Имя повисло в воздухе, неожиданное и чужое, словно ключ от незнакомой двери. Оно звучало естественно, слишком, как родное. Сердце невольно откликнулось на это имя, хотя разум сопротивлялся.

Я чуть нахмурился, пытаясь осознать – кто же этот Элиас? Почему меня так зовут? Внутри всё путалось, словно куски пазла, собранные из разных картин.

– Я… – голос вырвался тихо, неуверенно.

Женщина улыбнулась, слегка опустив глаза, словно решая, с чего начать объяснения.

– Ты выглядишь растерянным, – мягко сказала она. – Пойдём, завтрак уже готов.

Вздохнув, я медленно отвернулся от окна и сундука, почувствовав тяжесть нового мира на плечах. Каждое движение казалось неуклюжим, словно тело ещё училось слушаться. Но идти было нужно – хоть куда-то, чтобы выяснить, что здесь вообще происходит…

Следом за ней, глубоко вдыхая прохладу деревянного дома и свежесть утреннего воздуха, шагнул в коридор. Доски пола были старыми и неровными – каждое движение отдавалось скрипом, который, казалось, разносился по всему дому. Звуки шагов казались громче, чем хотелось: будто каждый скрип подчёркивал чужеродность моего присутствия.

Ветер за окном лёгкими порывами трепал занавески, принося с собой тонкий аромат. Тишина вокруг была необычайно густой – словно время здесь текло медленнее, а каждый звук становился событием. Пахло сырой древесиной, прелыми листьями и чем-то свежескошенным. Под ногами чувствовалась прохлада пола, и несмотря на тонкую ткань туники, она словно согревала больше, чем одежда в привычном мире.

Взгляд невольно скользнул по стенам – грубая штукатурка с вкраплениями соломы, потёртые деревянные балки, трещины и узоры, оставленные временем. В воздухе – лёгкое ощущение покоя, но вместе с тем и напряжённого ожидания, будто дом хранил множество тайн.

Незнакомка шла уверенно, легко, словно здесь родилась и знала каждый уголок. Я пытался уловить ее движение, каждую деталь вокруг – запах свежего хлеба, лёгкую дымку в воздухе, далёкий звон колокольчика.

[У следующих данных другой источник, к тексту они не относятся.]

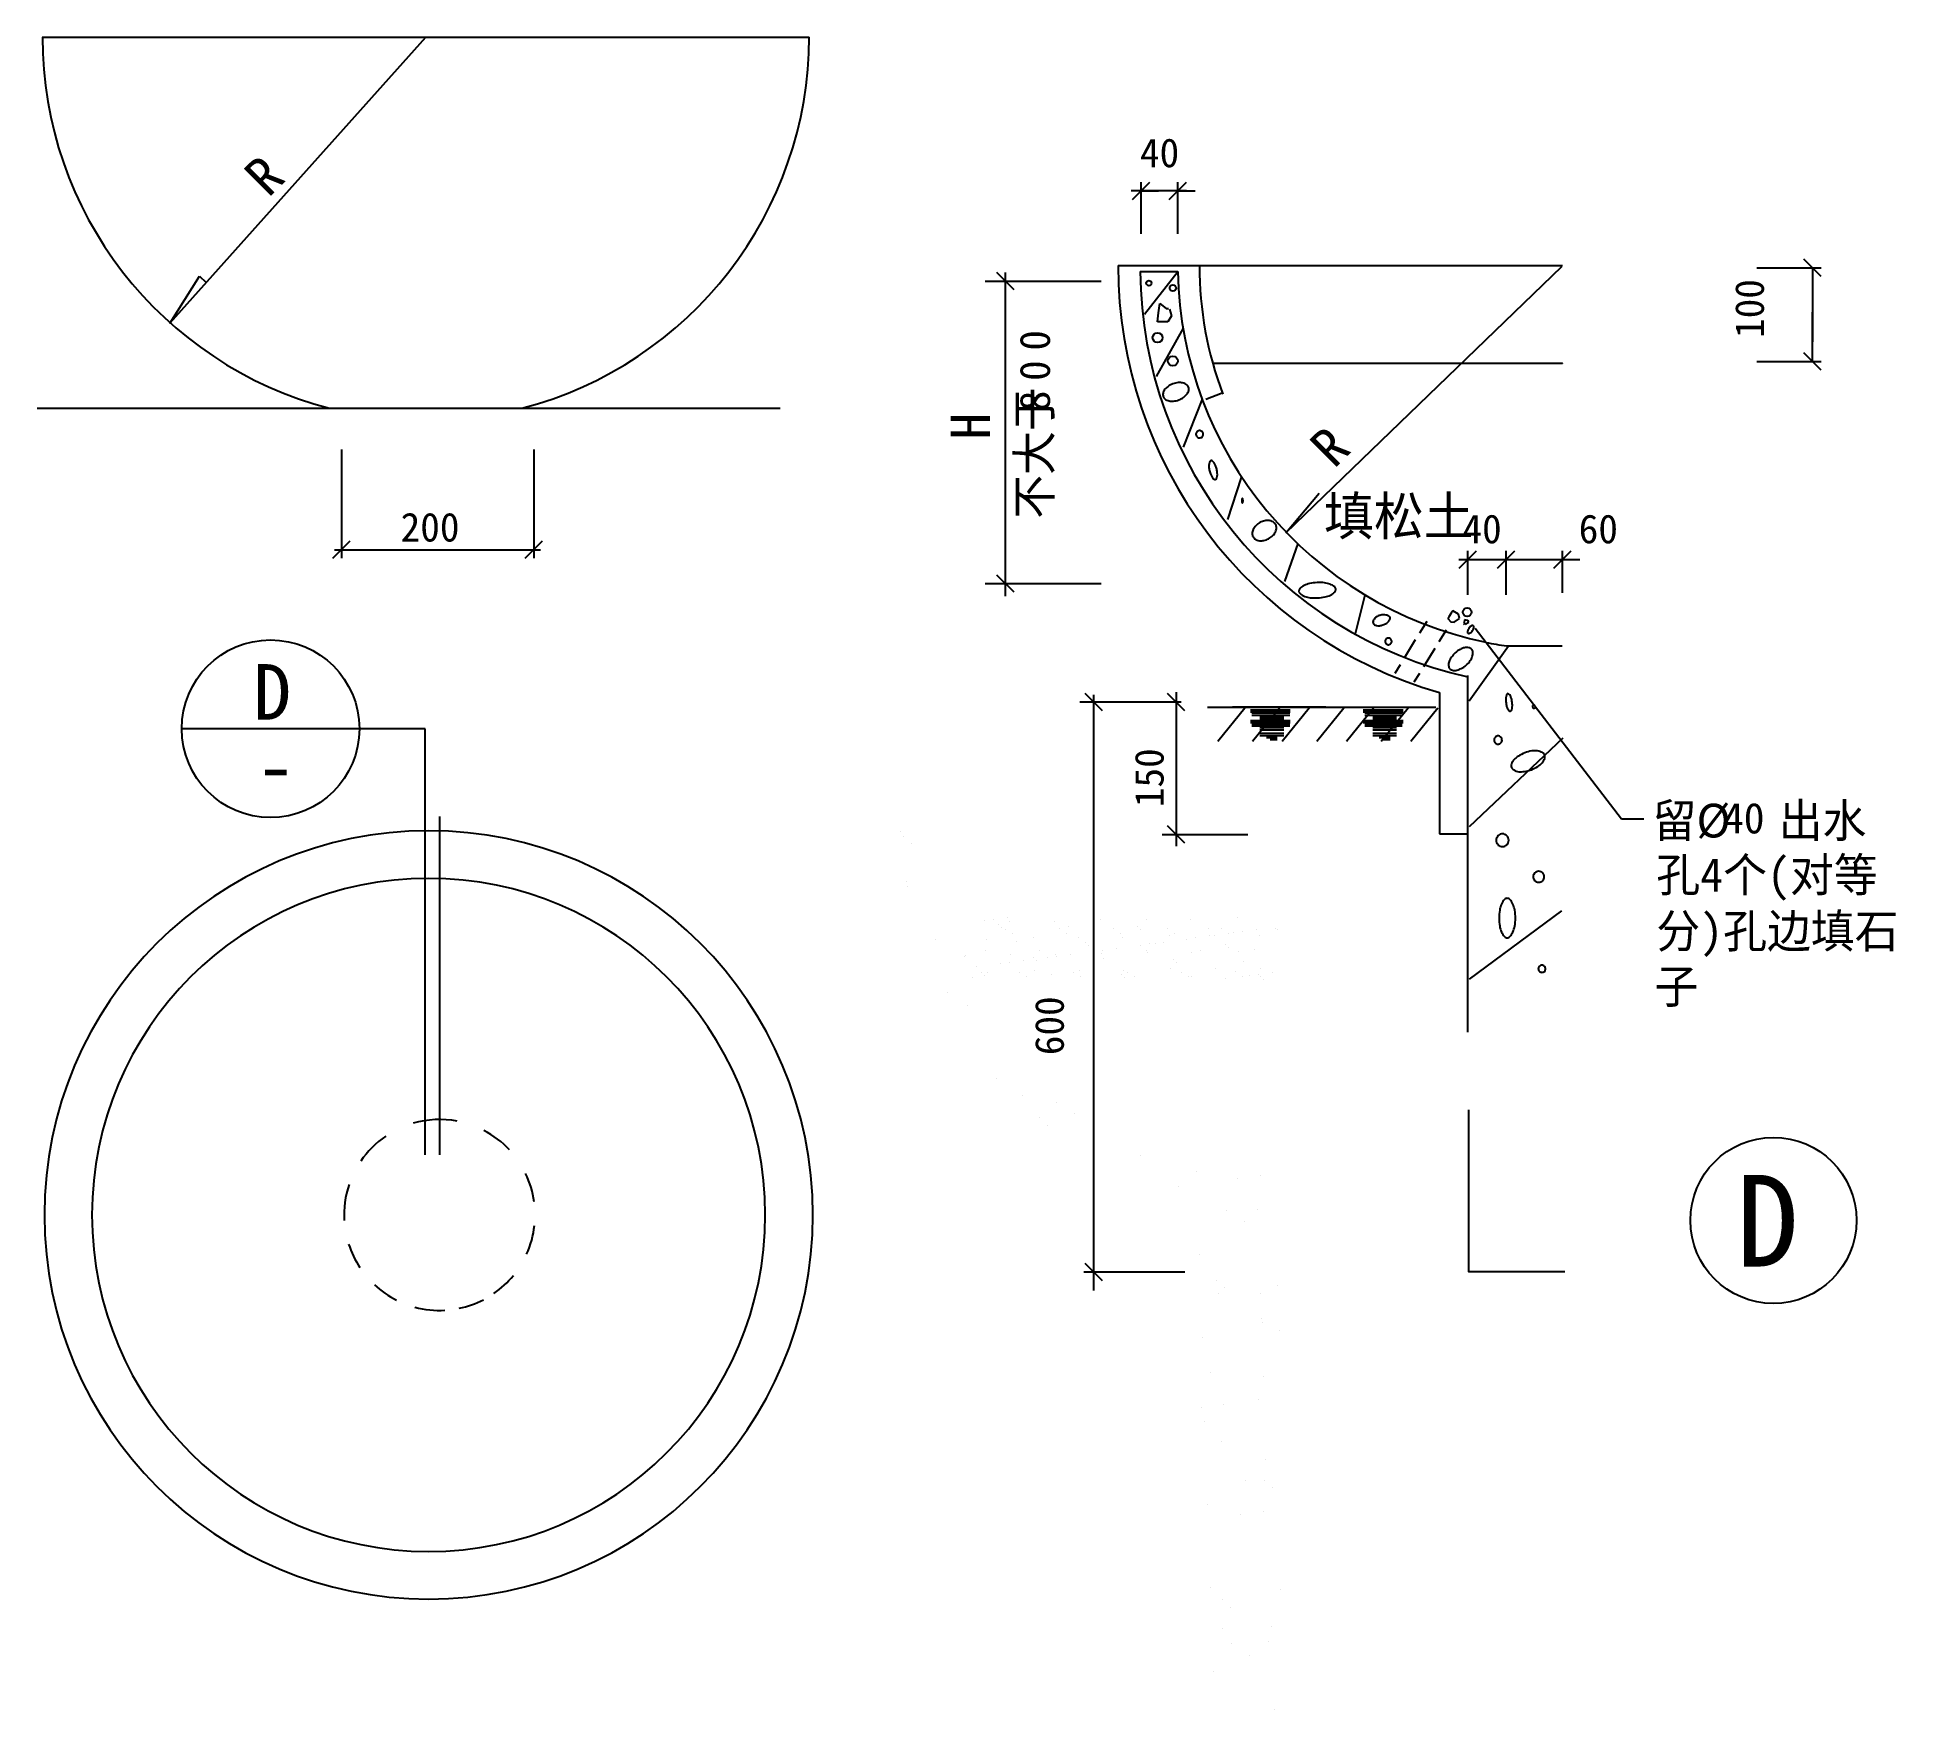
# Model space of a CAD drawing. Header units: metres. Extents: x 40.4 to 104.8, y 25.5 to 83.5.
import ezdxf

# ---------------------------------------------------------------- set-up
doc = ezdxf.new("R2010")
doc.units = ezdxf.units.M
doc.layers.add('ZZ-1', color=7, linetype='Continuous')

# ---------------------------------------------------------------- blocks, each defined once
blk = doc.blocks.new('X1')
for p, q in [((2497.36, 5830.77), (2497.36, 5830.77)), ((2500.54, 5824.96), (2500.54, 5824.96)), ((2509.76, 5816.51), (2509.76, 5816.51)), ((2503.36, 5772.46), (2503.36, 5772.46)), ((2505.23, 5767.04), (2505.23, 5767.04)), ((2537.74, 5705.57), (2537.74, 5705.57)), ((2551.33, 5643.65), (2551.33, 5643.65)), ((2574.12, 5629.24), (2574.12, 5629.24)), ((2607.91, 5544.96), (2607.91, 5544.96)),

За порогом комнаты нас встретил мягкий свет и тепло кухни. На столе уже стояли миски с густой похлёбкой, куски ржаного хлеба и кувшин с мутноватой водой.

– Садись, – сказала она, указывая на табурет рядом.

Сев за деревянный стол, немного неуклюже устроился на табурете. Взгляд невольно стал скользить по помещению. Кухня была небольшой, но уютной, с теплом, исходящим от старой печи, сложенной из кирпича и покрытой пятнами копоти. В углу у печи лежали поленья, аккуратно сложенные в ровную стопку. По углам комнаты стояли деревянные шкафчики и полки, потертые временем – кое-где облезла краска, кое-где проступала фактура грубого дерева.

Стены покрывала грубая штукатурка с заметными трещинами и неровностями, подчеркивая простоту и скромность дома. По периметру тянулась узкая деревянная полка, на которой стояли керамические банки с яркими крышками и этикетками, написанными аккуратным, хоть и простым почерком. В некоторых банках мелькали засушенные травы и коренья, в других – порошки и порошкообразные смеси, которые придавали кухне лёгкий аромат мёда и горькой мяты.

Окно было невелико и казалось почти старинным – рамы были неокрашены, слегка потрескавшиеся, а вместо штор висела занавеска из льняной ткани, тонкая и простая, с несколькими аккуратными дырочками по краям, которые придавали ей некоторую неряшливость, но вместе с тем и очарование домашнего уюта.

Женщина уселась напротив, лёгкая улыбка играла на губах.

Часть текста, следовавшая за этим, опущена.